Exercise requirements:
Lines below containing the word "diagram" should be copied out.

Dataset records:

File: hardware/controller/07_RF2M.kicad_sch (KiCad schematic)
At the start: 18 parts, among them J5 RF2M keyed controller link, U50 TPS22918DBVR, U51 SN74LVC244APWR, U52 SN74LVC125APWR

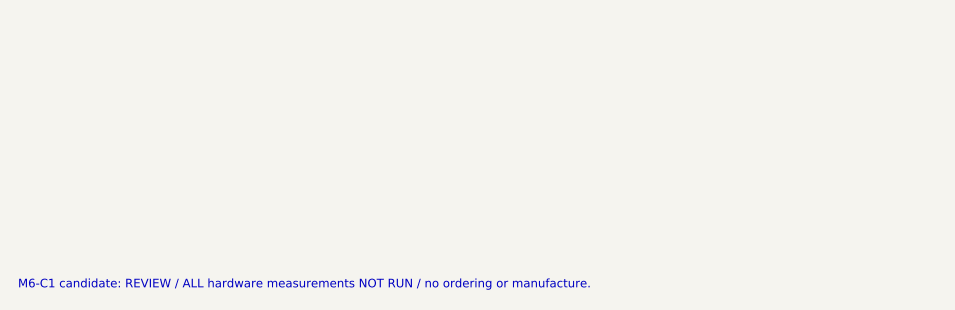
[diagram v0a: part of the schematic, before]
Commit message: M6-C1R1: protect pack identity input and review USB ESD topology
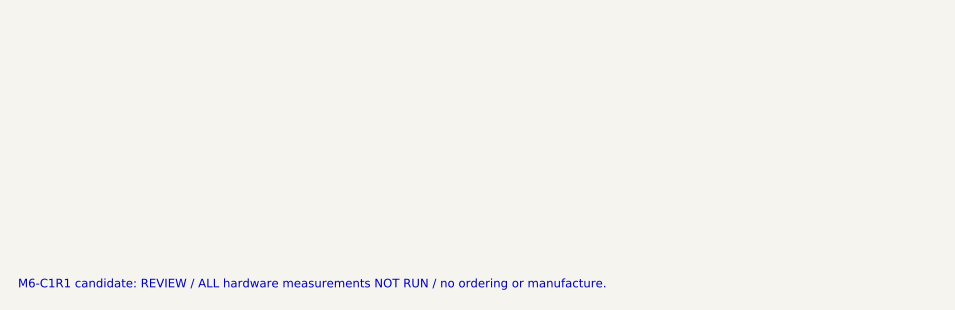
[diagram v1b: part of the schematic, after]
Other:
- note added: "M6-C1R1 candidate: REVIEW / ALL hardware measurements NOT RUN / no ordering or manufacture."
- note removed: "M6-C1 candidate: REVIEW / ALL hardware measurements NOT RUN / no ordering or manufacture."

Result of the task:
[diagram v0a: part of the schematic, before]
[diagram v1b: part of the schematic, after]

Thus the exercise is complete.